Well, while you are speaking of the Roman Empire, we have to consider that Roman history covers a more than 1,000 year period and generalizations cannot be made that pertain to the entire cultural record for starters.

As EB is concerned with the Age of Overseas Expansion and the Middle/Late Republic, we should keep our observations in this area, I think.

The Romans as a people were nothing if not sure of their superiority among other Oscan, Italic, and Hellenic peoples. Roman propaganda, poetry, letters, annals, and histories are replete with evidence of this. Roman culture was a culture of the state and advancment within the hierarchy of the state in service of Rome herself, and if one was not Roman he or she was practically worthless. Roman citizens had no misconceptions about their own social, moral, and physical prowess over other peoples that inhabited Italia and the rest of the Meditteranean, for that matter.

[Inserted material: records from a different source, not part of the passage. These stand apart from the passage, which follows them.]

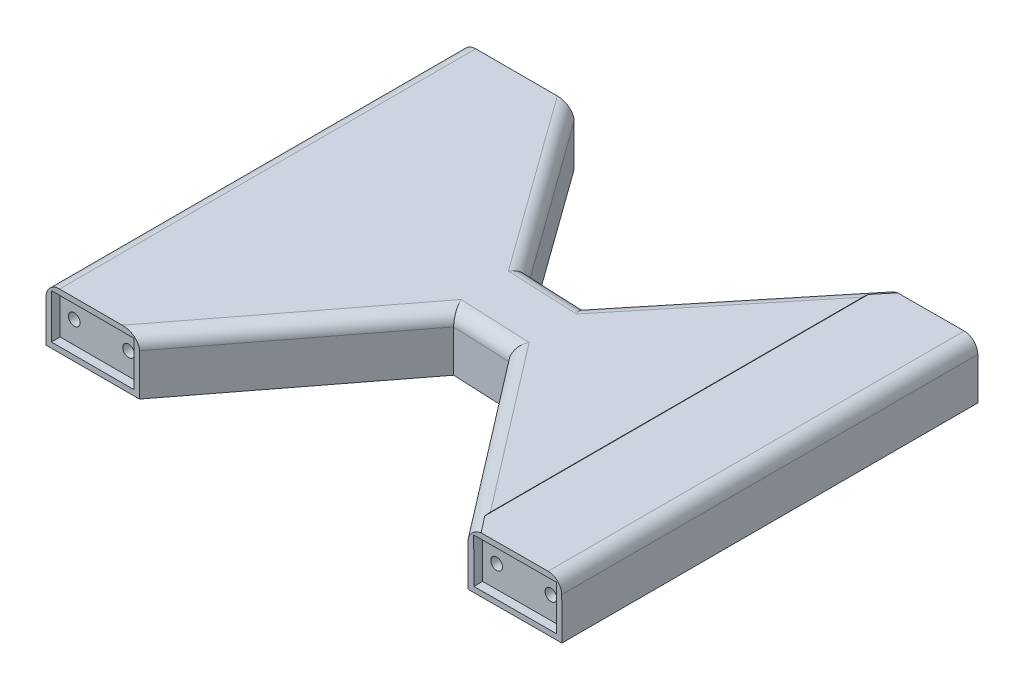
from build123d import *

# Parameters (mm, degrees)
SKETCH1_W             = 34.4
SKETCH1_H             = 20.4
SKETCH1_W_2           = 30.4
SKETCH1_H_2           = 16.4
BOSS_EXTRUDE1_DEPTH   = 3.2
BOSS_EXTRUDE1_2_DEPTH = 3.2
SKETCH4_W             = 34.4
SKETCH4_H             = 20.4
BOSS_EXTRUDE2_DEPTH   = 150
SKETCH5_W             = 30.4
SKETCH5_H             = 16.4
CUT_EXTRUDE2_DEPTH    = 3.2
BOSS_EXTRUDE4_REACH   = 221.091
SKETCH13_W            = 153.2
SKETCH13_H            = 20.4
CUT_EXTRUDE3_DEPTH    = 20.4
FILLET1_R             = 5
SKETCH2_R             = 2.15
CUT_EXTRUDE5_DEPTH    = 147


with BuildPart() as part:
    # Sketch1 → Boss-Extrude1 (new body)
    with BuildSketch(Plane.XY):
        with Locations((-13.13286664, 8.093964388)):
            Rectangle(SKETCH1_W, SKETCH1_H)
        with Locations((-13.13286664, 8.093964388)):
            Rectangle(SKETCH1_W_2, SKETCH1_H_2, mode=Mode.SUBTRACT)
    extrude(amount=BOSS_EXTRUDE1_DEPTH)



with BuildPart() as body_2:
    # Sketch1 → Boss-Extrude1 2 (new body)
    with BuildSketch(Plane.XY):
        Polygon((125.217994466, -2.2727378), (159.617685817, -2.127015635), (159.531269184, 18.272801329), (125.131577833, 18.127079165), align=None)
        Polygon((127.209504302, -0.264283525), (157.609231543, -0.135505799), (157.539759348, 16.264347055), (127.140032108, 16.135569328), align=None, mode=Mode.SUBTRACT)
    extrude(amount=BOSS_EXTRUDE1_2_DEPTH)


with BuildPart() as part_1:
    add(part.part)

    add(body_2.part)  # Boss-Extrude2 merges body 2
    # Sketch4 → Boss-Extrude2 (add)
    with BuildSketch(Plane.XY.offset(3.2)):
        with Locations((-13.13286664, 8.093964388)):
            Rectangle(SKETCH4_W, SKETCH4_H)
        Polygon((125.131577833, 18.127079165), (125.217994466, -2.2727378), (159.617685817, -2.127015635), (159.531269184, 18.272801329), align=None)
    extrude(amount=BOSS_EXTRUDE2_DEPTH)

    # Sketch5 → Cut-Extrude2 (cut)
    with BuildSketch(Plane.XY.offset(153.2)):
        with Locations((-13.13286664, 8.093964388)):
            Rectangle(SKETCH5_W, SKETCH5_H)
        Polygon((157.539759348, 16.264347055), (127.140032108, 16.135569328), (127.209504302, -0.264283525), (157.609231543, -0.135505799), align=None)
    extrude(amount=-CUT_EXTRUDE2_DEPTH, mode=Mode.SUBTRACT)

    # Boss-Extrude4: up to this face of the body (flat: up to its plane)
    boss_extrude4_end = Plane(part_1.part.faces().sort_by_distance((125.17478615, 7.927170683, 76.6))[0])
    # Sketch13 → Boss-Extrude4 (add, up to the picked face)
    with BuildSketch(Plane(origin=(4.06713336, 0, 0), x_dir=(0, 0, -1), z_dir=(1, 0, 0)), mode=Mode.PRIVATE) as boss_extrude4_sk1:
        with Locations((-76.6, 8.093964388)):
            Rectangle(SKETCH13_W, SKETCH13_H)
    boss_extrude4_tool1 = split(extrude(boss_extrude4_sk1.sketch, amount=BOSS_EXTRUDE4_REACH, mode=Mode.PRIVATE), bisect_by=boss_extrude4_end, keep=Keep.BOTH, mode=Mode.PRIVATE)
    add(boss_extrude4_tool1.solids().sort_by(Axis((4.067133, 8.093964, 76.6), (1, 0, 0)))[0])

    # Sketch14 → Cut-Extrude3 (cut)
    with BuildSketch(Plane(origin=(0, 18.293964388, 0), x_dir=(1, 0, 0), z_dir=(0, 1, 0))):
        Polygon((4.06713336, -153.2), (64.581899601, -153.2), (64.581899601, -88.198965672), (54.291599005, -87.746202034), align=None)
        Polygon((64.581899601, -88.198965672), (64.581899601, -153.2), (125.096665842, -153.2), (75.591314205, -88.683369655), align=None)
        Polygon((64.581899601, 0), (64.581899601, -60.434510767), (75.513081453, -60.915472582), (125.130870883, 0), align=None)
        Polygon((54.213366253, -59.978304961), (64.581899601, -60.434510767), (64.581899601, 0), (10.898373068, 0), align=None)
    extrude(amount=-CUT_EXTRUDE3_DEPTH, mode=Mode.SUBTRACT)

    # Fillet1
    # the kernel refuses this fillet: 5 mm, written as the material it takes off along each edge
    with BuildSketch(Plane(origin=(132.706183705, 18.293964388, 163.116916754), x_dir=(0.7933533402912364, 0, -0.6087614290087192), z_dir=(-0.6087614290087191, 0, -0.7933533402912364))) as fillet1_piece_1_section:
        with BuildLine():
            CenterArc((FILLET1_R, FILLET1_R), FILLET1_R, 180, 90)
            Line((0, FILLET1_R), (0, 0))
            Line((0, 0), (FILLET1_R, 0))
        make_face()
    fillet1_piece_1 = extrude(amount=106.321432794, mode=Mode.PRIVATE)
    fillet1_piece_1 = split(fillet1_piece_1, bisect_by=Plane(origin=(106.88840911, 17.155782702, 90.060412668), z_dir=(-0.04395654061558545, 0, 0.999033444153453)), keep=Keep.TOP, mode=Mode.PRIVATE)
    add(fillet1_piece_1, mode=Mode.SUBTRACT)
    with BuildSketch(Plane(origin=(41.803680953, 18.293964388, 87.196745277), x_dir=(0.0439565406155861, 0, -0.9990334441534529), z_dir=(0.999033444153453, 0, 0.043956540615586105))) as fillet1_piece_2_section:
        with BuildLine():
            CenterArc((FILLET1_R, -FILLET1_R), FILLET1_R, 90, 90)
            Line((0, -FILLET1_R), (0, 0))
            Line((0, 0), (FILLET1_R, 0))
        make_face()
    fillet1_piece_2 = extrude(amount=46.320322483, mode=Mode.PRIVATE)
    fillet1_piece_2 = split(fillet1_piece_2, bisect_by=Plane(origin=(58.505653555, 17.10801654, 82.254339222), z_dir=(0.7933533402912364, 0, 0.6087614290087192)), keep=Keep.TOP, mode=Mode.PRIVATE)
    fillet1_piece_2 = split(fillet1_piece_2, bisect_by=Plane(origin=(70.904619218, 17.10801654, 82.575549833), z_dir=(-0.7933533402912364, 0, 0.6087614290087191)), keep=Keep.TOP, mode=Mode.PRIVATE)
    add(fillet1_piece_2, mode=Mode.SUBTRACT)
    with BuildSketch(Plane(origin=(61.901116868, 18.293964388, 77.829285281), x_dir=(-0.7933533402912364, 0, -0.6087614290087192), z_dir=(-0.6087614290087192, 0, 0.7933533402912364))) as fillet1_piece_3_section:
        with BuildLine():
            CenterArc((FILLET1_R, FILLET1_R), FILLET1_R, 180, 90)
            Line((0, FILLET1_R), (0, 0))
            Line((0, 0), (FILLET1_R, 0))
        make_face()
    fillet1_piece_3 = extrude(amount=107.502706728, mode=Mode.PRIVATE)
    fillet1_piece_3 = split(fillet1_piece_3, bisect_by=Plane(origin=(25.940785784, 17.156890776, 86.498792671), z_dir=(-0.04395654061558545, 0, 0.999033444153453)), keep=Keep.TOP, mode=Mode.PRIVATE)
    add(fillet1_piece_3, mode=Mode.SUBTRACT)
    with BuildSketch(Plane(origin=(67.618799022, 18.293964388, 70.607237381), x_dir=(0.7753411838603286, 0, 0.6315425944542964), z_dir=(0.6315425944542965, 0, -0.7753411838603287))) as fillet1_piece_4_section:
        with BuildLine():
            CenterArc((FILLET1_R, FILLET1_R), FILLET1_R, 180, 90)
            Line((0, FILLET1_R), (0, 0))
            Line((0, 0), (FILLET1_R, 0))
        make_face()
    fillet1_piece_4 = extrude(amount=103.566022095, mode=Mode.PRIVATE)
    fillet1_piece_4 = split(fillet1_piece_4, bisect_by=Plane(origin=(103.811838578, 17.156329457, 62.160591526), z_dir=(0.04395654061558577, 0, -0.999033444153453)), keep=Keep.TOP, mode=Mode.PRIVATE)
    add(fillet1_piece_4, mode=Mode.SUBTRACT)
    with BuildSketch(Plane(origin=(41.725448201, 18.293964388, 59.428848203), x_dir=(-0.043956540615586105, 0, 0.9990334441534529), z_dir=(0.999033444153453, 0, 0.043956540615586105))) as fillet1_piece_5_section:
        with BuildLine():
            CenterArc((FILLET1_R, FILLET1_R), FILLET1_R, 180, 90)
            Line((0, FILLET1_R), (0, 0))
            Line((0, 0), (FILLET1_R, 0))
        make_face()
    fillet1_piece_5 = extrude(amount=46.320322483, mode=Mode.PRIVATE)
    fillet1_piece_5 = split(fillet1_piece_5, bisect_by=Plane(origin=(58.573091319, 17.108176182, 66.015219672), z_dir=(0.8106963672203948, 0, -0.5854668224380052)), keep=Keep.TOP, mode=Mode.PRIVATE)
    fillet1_piece_5 = split(fillet1_piece_5, bisect_by=Plane(origin=(70.976745321, 17.108176182, 66.484706167), z_dir=(-0.7753411838603287, 0, -0.6315425944542965)), keep=Keep.TOP, mode=Mode.PRIVATE)
    add(fillet1_piece_5, mode=Mode.SUBTRACT)
    with BuildSketch(Plane(origin=(3.580037788, 18.293964388, -10.13370459), x_dir=(-0.810696367220395, 0, 0.5854668224380052), z_dir=(0.5854668224380052, 0, 0.8106963672203948))) as fillet1_piece_6_section:
        with BuildLine():
            CenterArc((FILLET1_R, FILLET1_R), FILLET1_R, 180, 90)
            Line((0, FILLET1_R), (0, 0))
            Line((0, 0), (FILLET1_R, 0))
        make_face()
    fillet1_piece_6 = extrude(amount=98.983685368, mode=Mode.PRIVATE)
    fillet1_piece_6 = split(fillet1_piece_6, bisect_by=Plane(origin=(26.252750118, 17.155642398, 58.748063906), z_dir=(0.04395654061558577, 0, -0.999033444153453)), keep=Keep.TOP, mode=Mode.PRIVATE)
    add(fillet1_piece_6, mode=Mode.SUBTRACT)
    with BuildSketch(Plane(origin=(159.531269184, 18.272801329, -12.5), x_dir=(0.004236109424476813, -0.9999910276482205, 0), z_dir=(0, 0, 1))) as fillet1_piece_7:
        with BuildLine():
            CenterArc((FILLET1_R, -FILLET1_R), FILLET1_R, 90, 90)
            Line((0, -FILLET1_R), (0, 0))
            Line((0, 0), (FILLET1_R, 0))
        make_face()
    extrude(amount=178.2, mode=Mode.SUBTRACT)
    with BuildSketch(Plane(origin=(-30.33286664, 18.293964388, 165.7), x_dir=(1, 0, 0), z_dir=(0, 0, -1))) as fillet1_piece_8:
        with BuildLine():
            CenterArc((FILLET1_R, FILLET1_R), FILLET1_R, 180, 90)
            Line((0, FILLET1_R), (0, 0))
            Line((0, 0), (FILLET1_R, 0))
        make_face()
    extrude(amount=178.2, mode=Mode.SUBTRACT)
    with BuildSketch(Plane(origin=(41.803680953, 18.293964388, 87.196745277), x_dir=(0.0439565406155861, 0, -0.9990334441534529), z_dir=(0.999033444153453, 0, 0.043956540615586105))) as fillet1_piece_9a_section:
        with BuildLine():
            CenterArc((FILLET1_R, -FILLET1_R), FILLET1_R, 90, 90)
            Line((0, -FILLET1_R), (0, 0))
            Line((0, 0), (FILLET1_R, 0))
        make_face()
    fillet1_piece_9a = extrude(amount=46.320322483, mode=Mode.PRIVATE)
    fillet1_piece_9a = split(fillet1_piece_9a, bisect_by=Plane(origin=(77.278437613, 17.204839872, 90.882071688), z_dir=(0.7933533402912364, 0, -0.6087614290087191)), keep=Keep.TOP, mode=Mode.PRIVATE)
    with BuildSketch(Plane(origin=(132.706183705, 18.293964388, 163.116916754), x_dir=(0.7933533402912364, 0, -0.6087614290087192), z_dir=(-0.6087614290087191, 0, -0.7933533402912364))) as fillet1_piece_9b_section:
        with BuildLine():
            CenterArc((FILLET1_R, FILLET1_R), FILLET1_R, 180, 90)
            Line((0, FILLET1_R), (0, 0))
            Line((0, 0), (FILLET1_R, 0))
        make_face()
    fillet1_piece_9b = extrude(amount=106.321432794, mode=Mode.PRIVATE)
    fillet1_piece_9b = split(fillet1_piece_9b, bisect_by=Plane(origin=(72.822589663, 17.204839872, 88.561548356), z_dir=(0.04395654061558545, 0, -0.999033444153453)), keep=Keep.TOP, mode=Mode.PRIVATE)
    fillet1_piece_9 = fillet1_piece_9a & fillet1_piece_9b
    add(fillet1_piece_9, mode=Mode.SUBTRACT)
    with BuildSketch(Plane(origin=(61.901116868, 18.293964388, 77.829285281), x_dir=(-0.7933533402912364, 0, -0.6087614290087192), z_dir=(-0.6087614290087192, 0, 0.7933533402912364))) as fillet1_piece_10a_section:
        with BuildLine():
            CenterArc((FILLET1_R, FILLET1_R), FILLET1_R, 180, 90)
            Line((0, FILLET1_R), (0, 0))
            Line((0, 0), (FILLET1_R, 0))
        make_face()
    fillet1_piece_10a = extrude(amount=107.502706728, mode=Mode.PRIVATE)
    fillet1_piece_10a = split(fillet1_piece_10a, bisect_by=Plane(origin=(56.655534386, 17.19812243, 87.850212988), z_dir=(0.04395654061558545, 0, -0.999033444153453)), keep=Keep.TOP, mode=Mode.PRIVATE)
    with BuildSketch(Plane(origin=(41.803680953, 18.293964388, 87.196745277), x_dir=(0.0439565406155861, 0, -0.9990334441534529), z_dir=(0.999033444153453, 0, 0.043956540615586105))) as fillet1_piece_10b_section:
        with BuildLine():
            CenterArc((FILLET1_R, -FILLET1_R), FILLET1_R, 90, 90)
            Line((0, -FILLET1_R), (0, 0))
            Line((0, 0), (FILLET1_R, 0))
        make_face()
    fillet1_piece_10b = extrude(amount=46.320322483, mode=Mode.PRIVATE)
    fillet1_piece_10b = split(fillet1_piece_10b, bisect_by=Plane(origin=(52.851134035, 17.19812243, 89.623452533), z_dir=(-0.7933533402912364, 0, -0.6087614290087192)), keep=Keep.TOP, mode=Mode.PRIVATE)
    fillet1_piece_10 = fillet1_piece_10a & fillet1_piece_10b
    add(fillet1_piece_10, mode=Mode.SUBTRACT)
    with BuildSketch(Plane(origin=(67.618799022, 18.293964388, 70.607237381), x_dir=(0.7753411838603286, 0, 0.6315425944542964), z_dir=(0.6315425944542965, 0, -0.7753411838603287))) as fillet1_piece_11a_section:
        with BuildLine():
            CenterArc((FILLET1_R, FILLET1_R), FILLET1_R, 180, 90)
            Line((0, FILLET1_R), (0, 0))
            Line((0, 0), (FILLET1_R, 0))
        make_face()
    fillet1_piece_11a = extrude(amount=103.566022095, mode=Mode.PRIVATE)
    fillet1_piece_11a = split(fillet1_piece_11a, bisect_by=Plane(origin=(73.01107528, 17.200259545, 60.805386642), z_dir=(-0.04395654061558577, 0, 0.999033444153453)), keep=Keep.TOP, mode=Mode.PRIVATE)
    with BuildSketch(Plane(origin=(41.725448201, 18.293964388, 59.428848203), x_dir=(-0.043956540615586105, 0, 0.9990334441534529), z_dir=(0.999033444153453, 0, 0.043956540615586105))) as fillet1_piece_11b_section:
        with BuildLine():
            CenterArc((FILLET1_R, FILLET1_R), FILLET1_R, 180, 90)
            Line((0, FILLET1_R), (0, 0))
            Line((0, 0), (FILLET1_R, 0))
        make_face()
    fillet1_piece_11b = extrude(amount=46.320322483, mode=Mode.PRIVATE)
    fillet1_piece_11b = split(fillet1_piece_11b, bisect_by=Plane(origin=(77.094733678, 17.200259545, 58.97368731), z_dir=(0.7753411838603287, 0, 0.6315425944542965)), keep=Keep.TOP, mode=Mode.PRIVATE)
    fillet1_piece_11 = fillet1_piece_11a & fillet1_piece_11b
    add(fillet1_piece_11, mode=Mode.SUBTRACT)
    with BuildSketch(Plane(origin=(41.725448201, 18.293964388, 59.428848203), x_dir=(-0.043956540615586105, 0, 0.9990334441534529), z_dir=(0.999033444153453, 0, 0.043956540615586105))) as fillet1_piece_12a_section:
        with BuildLine():
            CenterArc((FILLET1_R, FILLET1_R), FILLET1_R, 180, 90)
            Line((0, FILLET1_R), (0, 0))
            Line((0, 0), (FILLET1_R, 0))
        make_face()
    fillet1_piece_12a = extrude(amount=46.320322483, mode=Mode.PRIVATE)
    fillet1_piece_12a = split(fillet1_piece_12a, bisect_by=Plane(origin=(52.666515046, 17.202537245, 57.836378885), z_dir=(-0.8106963672203948, 0, 0.5854668224380052)), keep=Keep.TOP, mode=Mode.PRIVATE)
    with BuildSketch(Plane(origin=(3.580037788, 18.293964388, -10.13370459), x_dir=(-0.810696367220395, 0, 0.5854668224380052), z_dir=(0.5854668224380052, 0, 0.8106963672203948))) as fillet1_piece_12b_section:
        with BuildLine():
            CenterArc((FILLET1_R, FILLET1_R), FILLET1_R, 180, 90)
            Line((0, FILLET1_R), (0, 0))
            Line((0, 0), (FILLET1_R, 0))
        make_face()
    fillet1_piece_12b = extrude(amount=98.983685368, mode=Mode.PRIVATE)
    fillet1_piece_12b = split(fillet1_piece_12b, bisect_by=Plane(origin=(56.852894283, 17.202537245, 60.094441735), z_dir=(-0.04395654061558577, 0, 0.999033444153453)), keep=Keep.TOP, mode=Mode.PRIVATE)
    fillet1_piece_12 = fillet1_piece_12a & fillet1_piece_12b
    add(fillet1_piece_12, mode=Mode.SUBTRACT)

    # Sketch2 → Cut-Extrude5 (cut)
    with BuildSketch(Plane.XY.offset(3)):
        with Locations((-23.13286664, 8.093964388)):
            Circle(SKETCH2_R)
        with Locations((-3.13286664, 8.093964388)):
            Circle(SKETCH2_R)
        with Locations((132.374721549, 7.95767067)):
            Circle(SKETCH2_R)
        with Locations((152.374542102, 8.042392859)):
            Circle(SKETCH2_R)
    extrude(amount=CUT_EXTRUDE5_DEPTH, mode=Mode.SUBTRACT)


solid = part_1.part

Latin rights communities "civitas sine suffragio" were granted some measure of inclusion into the Roman state, certainly. most notably Romes absorbtion of Campania led by Capua to share citizenship and manpower early on, but this was an exception not the rule. Even the other Latin communities had no great influence or social standing within Rome itself, and the other socii even less so. They were dominated by Rome out of fear of reprisal, but held no love for the Roman state. The Social War is just the boiling point of centuries of simmering grievances.

The other point I wanted to make in this thread, was that of the Allies in Rome's armies. You cannot underestimate the value of the socii in Rome's military expansion. Rome's ability to incorporate multiple ethnicities and military traditions into a coherent force willing to fight loyally for another state is one of the primary reason's for Rome's conquest of Italy which served as the springboard for its own power. Rome's military by itself was not very impressive as far as the Italic standards went, nor was its manpower any greater than some of the other great city-states of the period of the Italic conquest.